California is in danger of losing a House seat after adding 2.3 million people

https://qz.com/1506891/california-is-in-danger-of-losing-a-house-seat/

From 2010 to 2018, the state of California added about 2.3 million people according to new estimates released by the US Census. Its population, already the largest in the US, to close to 39.6 million. And California’s population increase of 6.2% has been greater than the 6.0% increase across the country.

Yet, due to the US’s complicated rules for giving states representation in Congress, California might soon lose one of its seats in the House of Representatives. Losing that seat would also mean the loss of a vote in the Electoral College, which determines the winner of presidential elections.



Since 1913, the number of representatives in the lower chamber of Congress has been capped at 435. While each state has two members in the higher chamber of the Senate, the number of its representatives to the House is determined by the size of a state’s population—though each state is automatically given one representative. (Populous California has 53 representatives, for example, and Alaska just one.)
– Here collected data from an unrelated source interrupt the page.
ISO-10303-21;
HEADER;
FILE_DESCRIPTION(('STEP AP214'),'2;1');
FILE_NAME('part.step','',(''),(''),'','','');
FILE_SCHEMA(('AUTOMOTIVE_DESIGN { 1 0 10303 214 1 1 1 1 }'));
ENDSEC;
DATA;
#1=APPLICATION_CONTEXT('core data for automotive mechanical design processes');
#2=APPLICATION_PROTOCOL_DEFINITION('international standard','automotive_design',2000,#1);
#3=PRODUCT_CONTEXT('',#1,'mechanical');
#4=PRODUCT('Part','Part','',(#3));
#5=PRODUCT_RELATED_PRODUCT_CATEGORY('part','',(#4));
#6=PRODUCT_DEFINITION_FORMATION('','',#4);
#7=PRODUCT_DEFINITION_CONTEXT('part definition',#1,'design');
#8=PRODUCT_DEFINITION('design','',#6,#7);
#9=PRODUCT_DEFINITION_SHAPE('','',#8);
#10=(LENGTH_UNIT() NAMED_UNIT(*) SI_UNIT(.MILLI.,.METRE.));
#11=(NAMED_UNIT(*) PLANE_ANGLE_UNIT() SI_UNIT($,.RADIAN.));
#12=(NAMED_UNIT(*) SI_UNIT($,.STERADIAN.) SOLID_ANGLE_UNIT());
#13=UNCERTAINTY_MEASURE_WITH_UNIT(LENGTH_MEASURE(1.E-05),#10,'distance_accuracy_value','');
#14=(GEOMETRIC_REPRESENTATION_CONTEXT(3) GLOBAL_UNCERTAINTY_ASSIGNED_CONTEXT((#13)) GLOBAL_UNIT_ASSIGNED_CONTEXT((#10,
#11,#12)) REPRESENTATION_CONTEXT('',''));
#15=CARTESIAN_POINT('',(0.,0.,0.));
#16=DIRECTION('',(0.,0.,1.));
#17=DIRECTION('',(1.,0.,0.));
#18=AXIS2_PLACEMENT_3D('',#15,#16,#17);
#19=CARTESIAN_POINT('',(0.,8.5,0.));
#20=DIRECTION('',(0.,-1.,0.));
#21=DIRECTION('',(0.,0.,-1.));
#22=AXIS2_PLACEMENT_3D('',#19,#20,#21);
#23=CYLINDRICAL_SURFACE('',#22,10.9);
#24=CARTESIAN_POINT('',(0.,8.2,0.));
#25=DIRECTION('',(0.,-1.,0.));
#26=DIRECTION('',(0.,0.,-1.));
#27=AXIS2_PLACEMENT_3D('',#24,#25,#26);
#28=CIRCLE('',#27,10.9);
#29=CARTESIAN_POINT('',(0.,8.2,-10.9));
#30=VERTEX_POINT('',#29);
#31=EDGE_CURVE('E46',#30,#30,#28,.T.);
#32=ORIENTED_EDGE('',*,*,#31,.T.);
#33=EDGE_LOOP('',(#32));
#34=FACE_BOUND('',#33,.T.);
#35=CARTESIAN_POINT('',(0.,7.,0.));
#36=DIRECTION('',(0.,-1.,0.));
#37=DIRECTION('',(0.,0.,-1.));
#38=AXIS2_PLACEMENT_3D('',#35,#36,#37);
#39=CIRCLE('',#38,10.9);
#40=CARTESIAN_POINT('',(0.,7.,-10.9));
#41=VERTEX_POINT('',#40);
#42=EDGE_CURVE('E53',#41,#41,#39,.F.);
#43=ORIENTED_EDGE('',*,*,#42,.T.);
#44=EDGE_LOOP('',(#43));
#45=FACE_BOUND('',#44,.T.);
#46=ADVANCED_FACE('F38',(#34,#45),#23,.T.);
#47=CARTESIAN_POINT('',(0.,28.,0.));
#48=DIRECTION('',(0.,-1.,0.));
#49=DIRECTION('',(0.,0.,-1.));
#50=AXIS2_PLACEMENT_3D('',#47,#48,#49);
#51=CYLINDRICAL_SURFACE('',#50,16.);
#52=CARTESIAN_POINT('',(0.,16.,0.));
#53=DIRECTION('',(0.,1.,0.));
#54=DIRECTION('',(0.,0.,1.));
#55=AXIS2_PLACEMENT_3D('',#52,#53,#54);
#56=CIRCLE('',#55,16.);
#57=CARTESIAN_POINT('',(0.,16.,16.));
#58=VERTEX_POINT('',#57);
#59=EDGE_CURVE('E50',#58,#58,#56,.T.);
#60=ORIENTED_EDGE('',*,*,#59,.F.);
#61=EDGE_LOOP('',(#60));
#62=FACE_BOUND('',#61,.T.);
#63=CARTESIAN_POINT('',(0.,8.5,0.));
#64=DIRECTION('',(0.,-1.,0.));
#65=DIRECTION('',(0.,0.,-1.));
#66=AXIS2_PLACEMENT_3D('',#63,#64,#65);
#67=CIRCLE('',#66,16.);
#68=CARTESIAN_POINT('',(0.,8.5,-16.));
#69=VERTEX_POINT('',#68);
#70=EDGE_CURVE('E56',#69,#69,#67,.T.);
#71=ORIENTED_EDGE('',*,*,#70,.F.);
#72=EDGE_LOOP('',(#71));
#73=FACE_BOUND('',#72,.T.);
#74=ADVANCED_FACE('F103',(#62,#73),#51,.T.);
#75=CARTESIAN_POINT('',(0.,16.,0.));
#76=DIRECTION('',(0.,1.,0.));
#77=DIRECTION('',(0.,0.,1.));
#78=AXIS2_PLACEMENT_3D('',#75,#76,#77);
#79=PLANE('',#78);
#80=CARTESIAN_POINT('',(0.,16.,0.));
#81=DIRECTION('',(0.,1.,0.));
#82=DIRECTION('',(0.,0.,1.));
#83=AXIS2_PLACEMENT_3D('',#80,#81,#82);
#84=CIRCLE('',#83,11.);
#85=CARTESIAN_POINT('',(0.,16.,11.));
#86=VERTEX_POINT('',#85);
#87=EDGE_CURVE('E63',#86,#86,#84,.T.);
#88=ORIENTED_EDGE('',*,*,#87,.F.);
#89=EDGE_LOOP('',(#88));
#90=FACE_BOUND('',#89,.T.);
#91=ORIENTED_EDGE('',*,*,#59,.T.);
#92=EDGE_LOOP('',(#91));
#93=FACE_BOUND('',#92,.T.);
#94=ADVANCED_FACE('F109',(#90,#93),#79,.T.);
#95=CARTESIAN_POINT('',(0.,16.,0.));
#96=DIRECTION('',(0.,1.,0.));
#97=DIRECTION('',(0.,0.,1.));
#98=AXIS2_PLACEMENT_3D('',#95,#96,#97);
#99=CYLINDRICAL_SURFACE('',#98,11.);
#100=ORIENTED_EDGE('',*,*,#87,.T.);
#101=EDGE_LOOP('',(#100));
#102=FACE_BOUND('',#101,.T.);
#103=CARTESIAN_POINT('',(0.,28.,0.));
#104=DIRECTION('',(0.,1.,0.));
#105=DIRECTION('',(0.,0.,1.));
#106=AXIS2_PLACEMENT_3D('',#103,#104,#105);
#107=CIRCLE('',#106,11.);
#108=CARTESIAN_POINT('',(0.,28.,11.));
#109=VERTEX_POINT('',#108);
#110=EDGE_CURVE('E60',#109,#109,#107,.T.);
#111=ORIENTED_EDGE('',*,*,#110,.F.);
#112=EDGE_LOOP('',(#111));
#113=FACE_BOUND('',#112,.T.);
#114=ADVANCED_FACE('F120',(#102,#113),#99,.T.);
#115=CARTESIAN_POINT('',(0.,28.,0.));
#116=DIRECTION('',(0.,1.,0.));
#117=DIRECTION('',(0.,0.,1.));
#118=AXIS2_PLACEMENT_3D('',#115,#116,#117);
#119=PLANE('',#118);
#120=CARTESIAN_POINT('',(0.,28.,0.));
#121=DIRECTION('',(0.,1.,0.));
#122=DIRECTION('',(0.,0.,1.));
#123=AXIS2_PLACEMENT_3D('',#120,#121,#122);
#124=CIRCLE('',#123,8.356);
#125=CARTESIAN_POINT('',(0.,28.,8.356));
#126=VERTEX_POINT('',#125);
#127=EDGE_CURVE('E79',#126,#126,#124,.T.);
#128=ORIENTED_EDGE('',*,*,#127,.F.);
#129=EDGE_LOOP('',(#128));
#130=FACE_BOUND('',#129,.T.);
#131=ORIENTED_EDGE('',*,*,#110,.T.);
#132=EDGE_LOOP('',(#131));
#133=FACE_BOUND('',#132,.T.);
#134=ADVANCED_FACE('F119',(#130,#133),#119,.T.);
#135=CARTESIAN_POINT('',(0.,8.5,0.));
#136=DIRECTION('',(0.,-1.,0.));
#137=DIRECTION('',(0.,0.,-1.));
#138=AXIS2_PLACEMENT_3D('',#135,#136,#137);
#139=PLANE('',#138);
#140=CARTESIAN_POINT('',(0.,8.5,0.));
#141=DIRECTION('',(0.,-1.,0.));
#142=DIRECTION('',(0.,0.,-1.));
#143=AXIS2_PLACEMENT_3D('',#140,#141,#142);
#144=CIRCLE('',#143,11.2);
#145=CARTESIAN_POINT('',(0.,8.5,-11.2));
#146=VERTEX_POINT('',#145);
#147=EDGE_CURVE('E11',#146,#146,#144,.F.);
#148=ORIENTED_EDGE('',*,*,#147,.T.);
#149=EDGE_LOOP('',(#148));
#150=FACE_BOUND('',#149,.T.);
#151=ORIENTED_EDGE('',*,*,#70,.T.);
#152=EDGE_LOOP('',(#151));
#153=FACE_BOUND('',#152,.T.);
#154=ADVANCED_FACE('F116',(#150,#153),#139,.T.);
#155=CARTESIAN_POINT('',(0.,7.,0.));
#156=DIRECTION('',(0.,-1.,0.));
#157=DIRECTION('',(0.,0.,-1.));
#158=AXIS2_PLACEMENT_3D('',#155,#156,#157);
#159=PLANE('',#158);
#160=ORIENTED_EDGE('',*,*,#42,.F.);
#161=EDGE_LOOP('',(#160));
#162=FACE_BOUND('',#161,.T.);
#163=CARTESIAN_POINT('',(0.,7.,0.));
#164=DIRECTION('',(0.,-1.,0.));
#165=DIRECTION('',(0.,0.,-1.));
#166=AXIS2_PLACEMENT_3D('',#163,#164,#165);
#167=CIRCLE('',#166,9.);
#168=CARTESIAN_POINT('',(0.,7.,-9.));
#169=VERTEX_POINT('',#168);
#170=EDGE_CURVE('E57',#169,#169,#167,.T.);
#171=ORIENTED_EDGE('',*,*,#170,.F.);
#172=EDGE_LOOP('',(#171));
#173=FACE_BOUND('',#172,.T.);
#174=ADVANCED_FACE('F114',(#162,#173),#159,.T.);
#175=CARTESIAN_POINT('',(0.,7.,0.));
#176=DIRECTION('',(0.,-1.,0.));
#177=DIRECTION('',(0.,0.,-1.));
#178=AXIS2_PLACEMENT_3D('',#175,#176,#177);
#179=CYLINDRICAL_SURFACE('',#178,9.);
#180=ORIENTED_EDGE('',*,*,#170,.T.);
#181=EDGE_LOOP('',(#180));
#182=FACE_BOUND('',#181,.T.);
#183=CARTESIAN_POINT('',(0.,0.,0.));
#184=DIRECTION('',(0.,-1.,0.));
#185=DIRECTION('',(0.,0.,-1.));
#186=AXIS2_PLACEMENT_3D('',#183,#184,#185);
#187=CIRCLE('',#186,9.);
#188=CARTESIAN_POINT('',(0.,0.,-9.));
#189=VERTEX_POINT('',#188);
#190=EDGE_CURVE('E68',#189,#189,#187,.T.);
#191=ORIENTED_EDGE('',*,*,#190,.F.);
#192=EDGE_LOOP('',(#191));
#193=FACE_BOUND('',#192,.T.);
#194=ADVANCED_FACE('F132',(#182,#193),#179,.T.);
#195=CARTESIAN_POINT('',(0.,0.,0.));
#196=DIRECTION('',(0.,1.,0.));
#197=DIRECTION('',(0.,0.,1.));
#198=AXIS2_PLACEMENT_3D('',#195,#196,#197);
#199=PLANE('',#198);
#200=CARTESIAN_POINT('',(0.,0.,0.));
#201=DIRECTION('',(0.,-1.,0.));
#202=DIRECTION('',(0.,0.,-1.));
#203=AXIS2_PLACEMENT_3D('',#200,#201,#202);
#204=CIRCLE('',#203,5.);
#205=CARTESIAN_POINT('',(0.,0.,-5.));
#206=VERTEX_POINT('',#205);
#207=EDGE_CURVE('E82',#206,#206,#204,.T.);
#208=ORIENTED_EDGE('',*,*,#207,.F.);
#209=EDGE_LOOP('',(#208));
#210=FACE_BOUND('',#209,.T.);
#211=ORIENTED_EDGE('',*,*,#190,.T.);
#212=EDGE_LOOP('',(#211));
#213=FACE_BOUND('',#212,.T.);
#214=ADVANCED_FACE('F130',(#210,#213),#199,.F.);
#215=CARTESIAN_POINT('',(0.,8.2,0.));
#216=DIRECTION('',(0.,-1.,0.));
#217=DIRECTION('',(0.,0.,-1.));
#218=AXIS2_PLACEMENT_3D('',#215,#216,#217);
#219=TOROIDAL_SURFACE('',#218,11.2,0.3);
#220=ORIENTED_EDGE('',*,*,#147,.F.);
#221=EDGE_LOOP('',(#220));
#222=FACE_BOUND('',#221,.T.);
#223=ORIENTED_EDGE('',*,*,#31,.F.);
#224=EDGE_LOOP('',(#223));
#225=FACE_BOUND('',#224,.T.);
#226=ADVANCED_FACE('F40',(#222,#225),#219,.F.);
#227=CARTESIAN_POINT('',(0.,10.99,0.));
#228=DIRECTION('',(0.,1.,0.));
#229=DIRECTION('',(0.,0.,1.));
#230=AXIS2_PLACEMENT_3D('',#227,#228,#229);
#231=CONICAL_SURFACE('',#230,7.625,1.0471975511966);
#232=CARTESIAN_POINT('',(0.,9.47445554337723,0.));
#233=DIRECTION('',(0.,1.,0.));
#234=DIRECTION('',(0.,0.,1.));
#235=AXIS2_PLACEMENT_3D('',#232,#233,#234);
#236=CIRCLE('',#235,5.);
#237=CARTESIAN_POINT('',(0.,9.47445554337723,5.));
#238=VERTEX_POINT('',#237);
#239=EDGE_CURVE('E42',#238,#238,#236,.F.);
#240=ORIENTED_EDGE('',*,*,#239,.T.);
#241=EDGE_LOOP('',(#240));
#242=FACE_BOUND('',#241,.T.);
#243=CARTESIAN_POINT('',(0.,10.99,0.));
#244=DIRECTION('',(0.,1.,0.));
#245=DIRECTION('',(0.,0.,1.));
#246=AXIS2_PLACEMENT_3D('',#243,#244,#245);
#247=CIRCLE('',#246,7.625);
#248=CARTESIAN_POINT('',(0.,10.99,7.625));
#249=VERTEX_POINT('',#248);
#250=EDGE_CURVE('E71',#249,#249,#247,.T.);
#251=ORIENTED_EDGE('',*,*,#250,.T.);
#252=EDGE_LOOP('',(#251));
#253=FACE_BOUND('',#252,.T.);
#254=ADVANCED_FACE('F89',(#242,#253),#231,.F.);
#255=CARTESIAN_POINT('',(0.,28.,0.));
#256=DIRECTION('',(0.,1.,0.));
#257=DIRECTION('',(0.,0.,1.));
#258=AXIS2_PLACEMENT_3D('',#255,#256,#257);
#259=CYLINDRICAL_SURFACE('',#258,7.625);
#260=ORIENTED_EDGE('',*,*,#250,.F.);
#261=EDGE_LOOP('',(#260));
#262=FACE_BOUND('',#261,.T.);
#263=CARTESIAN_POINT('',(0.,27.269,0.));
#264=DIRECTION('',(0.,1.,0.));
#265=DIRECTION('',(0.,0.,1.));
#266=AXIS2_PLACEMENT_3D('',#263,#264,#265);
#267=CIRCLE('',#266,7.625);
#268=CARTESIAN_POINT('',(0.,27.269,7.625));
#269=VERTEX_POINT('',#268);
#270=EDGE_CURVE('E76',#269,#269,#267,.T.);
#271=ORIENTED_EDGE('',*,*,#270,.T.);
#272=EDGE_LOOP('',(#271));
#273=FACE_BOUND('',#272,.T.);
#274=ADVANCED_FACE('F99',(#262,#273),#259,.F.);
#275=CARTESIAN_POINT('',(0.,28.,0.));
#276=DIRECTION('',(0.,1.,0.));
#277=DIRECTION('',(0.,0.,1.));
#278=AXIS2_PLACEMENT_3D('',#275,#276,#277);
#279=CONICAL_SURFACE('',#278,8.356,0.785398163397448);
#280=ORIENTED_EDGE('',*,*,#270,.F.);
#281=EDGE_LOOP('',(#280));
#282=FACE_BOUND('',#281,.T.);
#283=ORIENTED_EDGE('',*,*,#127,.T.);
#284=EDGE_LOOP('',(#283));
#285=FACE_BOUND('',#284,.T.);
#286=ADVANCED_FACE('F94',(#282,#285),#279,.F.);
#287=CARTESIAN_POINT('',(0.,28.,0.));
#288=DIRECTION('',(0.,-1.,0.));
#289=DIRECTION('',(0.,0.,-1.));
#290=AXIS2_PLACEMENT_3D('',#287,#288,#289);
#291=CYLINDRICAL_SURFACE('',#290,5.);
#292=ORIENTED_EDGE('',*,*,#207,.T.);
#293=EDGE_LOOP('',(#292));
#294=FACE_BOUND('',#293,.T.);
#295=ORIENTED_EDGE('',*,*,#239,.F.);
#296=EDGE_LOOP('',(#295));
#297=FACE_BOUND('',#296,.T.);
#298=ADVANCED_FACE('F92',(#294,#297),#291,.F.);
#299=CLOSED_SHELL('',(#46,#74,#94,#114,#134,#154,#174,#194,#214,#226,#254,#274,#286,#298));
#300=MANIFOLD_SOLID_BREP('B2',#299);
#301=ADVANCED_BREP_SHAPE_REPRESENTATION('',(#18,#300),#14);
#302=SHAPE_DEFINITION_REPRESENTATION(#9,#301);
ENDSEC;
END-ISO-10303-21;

Every 10 years, after the US government conducts its comprehensive census, the House’s representatives are reapportioned by state. For most, this doesn’t lead to a change. For those that grew much faster or slower than the country as a whole, it can mean gaining or losing power. Fast-growing Texas gained four seats after the 2010 Census as its population exploded. New York lost two seats. On average, after the 2010 Census, a House member represented about 700,000 people.

snip


The number of seats in the House needs to be dramatically increased and more fairly distributed. That is a major fix for the both the Electoral College and the inequity of legislative power in the House itself.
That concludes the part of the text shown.